## EXERCISE OBJECTIVE
Line by line, check the data for the string "fire" and state how many lines have it, nothing more.

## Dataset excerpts
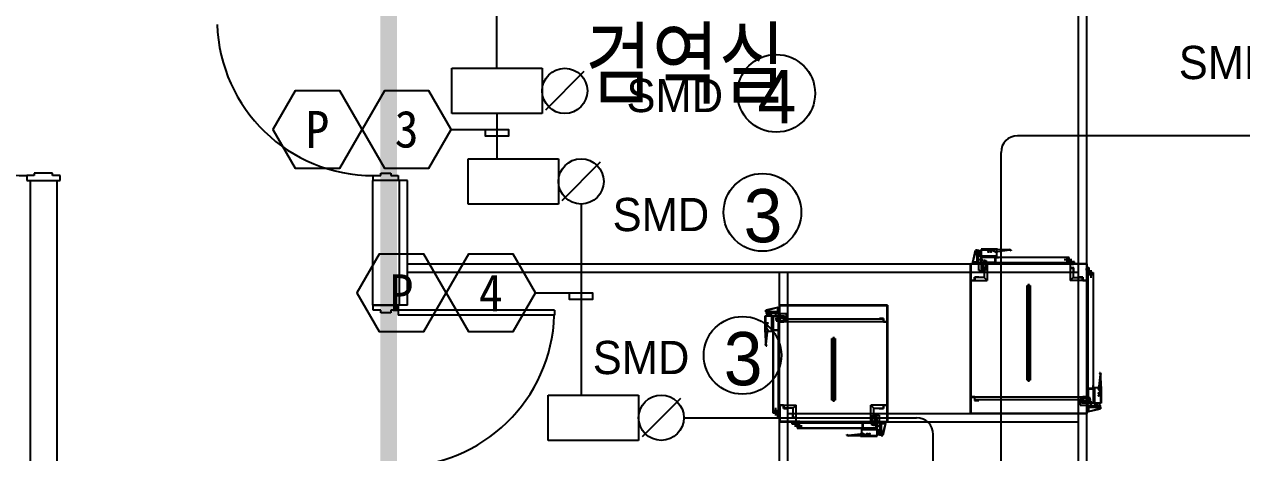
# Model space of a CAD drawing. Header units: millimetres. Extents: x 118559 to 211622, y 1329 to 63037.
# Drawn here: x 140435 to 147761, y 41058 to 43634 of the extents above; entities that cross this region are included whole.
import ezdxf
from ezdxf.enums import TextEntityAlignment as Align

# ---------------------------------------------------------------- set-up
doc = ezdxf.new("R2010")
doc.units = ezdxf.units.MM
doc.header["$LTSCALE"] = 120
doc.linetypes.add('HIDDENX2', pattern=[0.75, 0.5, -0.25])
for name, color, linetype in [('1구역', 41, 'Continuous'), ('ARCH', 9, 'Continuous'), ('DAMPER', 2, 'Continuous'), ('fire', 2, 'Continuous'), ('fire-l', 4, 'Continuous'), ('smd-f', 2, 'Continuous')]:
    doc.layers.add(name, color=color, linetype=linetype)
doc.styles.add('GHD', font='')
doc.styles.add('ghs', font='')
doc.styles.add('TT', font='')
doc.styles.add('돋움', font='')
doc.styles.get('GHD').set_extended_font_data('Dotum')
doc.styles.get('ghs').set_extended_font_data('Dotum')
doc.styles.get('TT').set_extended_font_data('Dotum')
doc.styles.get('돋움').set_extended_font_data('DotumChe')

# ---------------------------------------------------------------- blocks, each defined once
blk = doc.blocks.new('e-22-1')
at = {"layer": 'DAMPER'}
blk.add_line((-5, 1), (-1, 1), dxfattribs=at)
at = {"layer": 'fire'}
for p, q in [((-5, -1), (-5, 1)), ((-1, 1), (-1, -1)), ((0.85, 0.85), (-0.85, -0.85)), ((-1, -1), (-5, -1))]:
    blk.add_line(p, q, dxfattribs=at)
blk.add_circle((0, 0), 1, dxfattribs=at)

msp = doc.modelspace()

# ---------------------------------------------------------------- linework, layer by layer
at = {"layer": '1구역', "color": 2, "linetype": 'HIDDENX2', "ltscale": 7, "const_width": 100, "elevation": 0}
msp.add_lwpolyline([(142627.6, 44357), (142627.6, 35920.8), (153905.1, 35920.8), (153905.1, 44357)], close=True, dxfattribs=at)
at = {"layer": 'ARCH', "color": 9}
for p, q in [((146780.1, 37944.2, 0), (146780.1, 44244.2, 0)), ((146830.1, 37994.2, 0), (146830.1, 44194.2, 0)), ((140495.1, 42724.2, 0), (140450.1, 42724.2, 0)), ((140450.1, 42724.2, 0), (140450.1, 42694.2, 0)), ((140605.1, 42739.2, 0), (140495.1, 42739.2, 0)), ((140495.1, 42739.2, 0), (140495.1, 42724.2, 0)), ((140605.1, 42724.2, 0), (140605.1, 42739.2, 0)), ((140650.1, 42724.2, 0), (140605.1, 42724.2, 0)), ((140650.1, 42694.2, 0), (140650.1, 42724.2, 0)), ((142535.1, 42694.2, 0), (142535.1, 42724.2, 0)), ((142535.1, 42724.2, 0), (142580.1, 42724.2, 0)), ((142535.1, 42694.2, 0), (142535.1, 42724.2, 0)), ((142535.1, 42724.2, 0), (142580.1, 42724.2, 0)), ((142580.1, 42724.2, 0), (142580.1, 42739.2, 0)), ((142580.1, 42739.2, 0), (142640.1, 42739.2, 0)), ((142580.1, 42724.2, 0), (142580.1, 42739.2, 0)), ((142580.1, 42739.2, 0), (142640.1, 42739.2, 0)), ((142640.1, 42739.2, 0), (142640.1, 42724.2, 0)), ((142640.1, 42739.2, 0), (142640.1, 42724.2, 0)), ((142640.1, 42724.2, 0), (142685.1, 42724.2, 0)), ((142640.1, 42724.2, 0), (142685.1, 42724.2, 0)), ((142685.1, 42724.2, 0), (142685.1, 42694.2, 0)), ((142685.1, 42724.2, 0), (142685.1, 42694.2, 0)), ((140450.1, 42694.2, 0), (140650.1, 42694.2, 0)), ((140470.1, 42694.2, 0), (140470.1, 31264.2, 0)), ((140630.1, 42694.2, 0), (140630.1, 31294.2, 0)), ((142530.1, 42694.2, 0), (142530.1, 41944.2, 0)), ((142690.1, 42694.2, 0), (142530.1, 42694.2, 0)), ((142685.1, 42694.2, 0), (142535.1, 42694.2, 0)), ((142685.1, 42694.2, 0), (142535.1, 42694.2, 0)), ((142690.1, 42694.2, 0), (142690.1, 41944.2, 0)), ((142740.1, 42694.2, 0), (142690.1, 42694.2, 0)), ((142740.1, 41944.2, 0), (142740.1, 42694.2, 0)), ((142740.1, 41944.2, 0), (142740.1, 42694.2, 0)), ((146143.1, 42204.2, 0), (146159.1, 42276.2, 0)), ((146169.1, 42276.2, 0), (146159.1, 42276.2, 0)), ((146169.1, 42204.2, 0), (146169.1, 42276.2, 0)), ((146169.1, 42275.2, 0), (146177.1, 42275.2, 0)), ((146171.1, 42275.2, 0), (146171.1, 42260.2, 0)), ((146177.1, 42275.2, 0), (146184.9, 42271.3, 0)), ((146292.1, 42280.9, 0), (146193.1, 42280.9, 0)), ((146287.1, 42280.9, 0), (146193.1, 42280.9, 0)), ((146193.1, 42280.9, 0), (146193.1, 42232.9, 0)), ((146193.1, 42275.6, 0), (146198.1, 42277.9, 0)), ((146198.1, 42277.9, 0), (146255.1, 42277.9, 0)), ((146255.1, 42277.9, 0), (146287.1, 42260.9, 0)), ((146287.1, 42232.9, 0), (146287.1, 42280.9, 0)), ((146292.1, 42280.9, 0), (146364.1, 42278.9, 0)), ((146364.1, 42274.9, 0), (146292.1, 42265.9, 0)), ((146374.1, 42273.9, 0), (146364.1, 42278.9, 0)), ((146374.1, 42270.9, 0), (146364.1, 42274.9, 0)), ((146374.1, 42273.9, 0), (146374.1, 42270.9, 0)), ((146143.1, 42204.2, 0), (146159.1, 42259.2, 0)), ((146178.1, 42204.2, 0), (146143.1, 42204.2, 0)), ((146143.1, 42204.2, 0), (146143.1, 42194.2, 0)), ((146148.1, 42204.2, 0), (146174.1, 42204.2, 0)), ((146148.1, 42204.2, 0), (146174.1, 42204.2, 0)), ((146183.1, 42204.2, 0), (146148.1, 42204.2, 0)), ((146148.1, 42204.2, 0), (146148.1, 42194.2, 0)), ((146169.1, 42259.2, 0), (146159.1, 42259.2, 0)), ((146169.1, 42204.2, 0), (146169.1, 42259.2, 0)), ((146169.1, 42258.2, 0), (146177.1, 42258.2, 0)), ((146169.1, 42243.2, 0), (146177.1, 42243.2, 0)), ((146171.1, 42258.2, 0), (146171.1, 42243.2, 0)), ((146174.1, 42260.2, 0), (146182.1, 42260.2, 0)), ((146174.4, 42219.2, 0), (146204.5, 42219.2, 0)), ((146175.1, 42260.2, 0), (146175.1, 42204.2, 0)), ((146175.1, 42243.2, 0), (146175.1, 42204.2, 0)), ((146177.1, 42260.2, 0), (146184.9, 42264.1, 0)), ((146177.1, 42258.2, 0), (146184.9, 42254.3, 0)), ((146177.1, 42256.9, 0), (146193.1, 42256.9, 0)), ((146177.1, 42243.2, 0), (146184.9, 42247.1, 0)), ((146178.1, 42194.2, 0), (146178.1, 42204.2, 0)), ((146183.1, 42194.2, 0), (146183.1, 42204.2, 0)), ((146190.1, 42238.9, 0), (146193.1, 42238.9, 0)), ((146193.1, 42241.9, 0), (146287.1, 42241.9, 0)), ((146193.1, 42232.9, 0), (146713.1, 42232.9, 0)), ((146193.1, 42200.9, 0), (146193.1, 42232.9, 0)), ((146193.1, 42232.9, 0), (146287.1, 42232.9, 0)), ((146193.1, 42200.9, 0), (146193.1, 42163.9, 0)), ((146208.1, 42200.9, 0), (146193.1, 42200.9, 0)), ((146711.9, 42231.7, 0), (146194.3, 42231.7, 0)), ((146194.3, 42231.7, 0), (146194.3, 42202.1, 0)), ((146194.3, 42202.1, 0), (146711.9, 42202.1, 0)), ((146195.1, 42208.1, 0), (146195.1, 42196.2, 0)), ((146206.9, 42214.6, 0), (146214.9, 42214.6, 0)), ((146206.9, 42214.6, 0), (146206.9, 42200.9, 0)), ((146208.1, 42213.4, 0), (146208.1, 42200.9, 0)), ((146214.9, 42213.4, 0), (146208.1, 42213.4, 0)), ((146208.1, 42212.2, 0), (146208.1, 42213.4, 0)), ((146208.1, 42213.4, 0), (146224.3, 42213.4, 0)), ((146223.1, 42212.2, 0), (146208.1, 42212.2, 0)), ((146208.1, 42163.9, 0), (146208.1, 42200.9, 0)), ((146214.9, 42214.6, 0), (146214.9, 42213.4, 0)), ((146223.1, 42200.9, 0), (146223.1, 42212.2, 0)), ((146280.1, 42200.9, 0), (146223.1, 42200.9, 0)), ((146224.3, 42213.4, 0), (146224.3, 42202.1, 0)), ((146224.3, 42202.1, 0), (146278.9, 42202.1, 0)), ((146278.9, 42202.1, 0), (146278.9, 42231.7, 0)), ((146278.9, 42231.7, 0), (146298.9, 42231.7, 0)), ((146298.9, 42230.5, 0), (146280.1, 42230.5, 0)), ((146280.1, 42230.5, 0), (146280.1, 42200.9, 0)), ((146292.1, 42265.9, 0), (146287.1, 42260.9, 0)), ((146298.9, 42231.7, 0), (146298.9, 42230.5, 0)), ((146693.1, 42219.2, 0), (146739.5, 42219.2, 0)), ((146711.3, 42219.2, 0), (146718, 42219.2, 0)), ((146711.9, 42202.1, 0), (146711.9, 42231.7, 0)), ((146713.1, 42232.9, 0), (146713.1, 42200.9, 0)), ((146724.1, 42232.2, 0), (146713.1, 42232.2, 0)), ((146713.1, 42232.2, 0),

## RESULT OF THE EXERCISE
2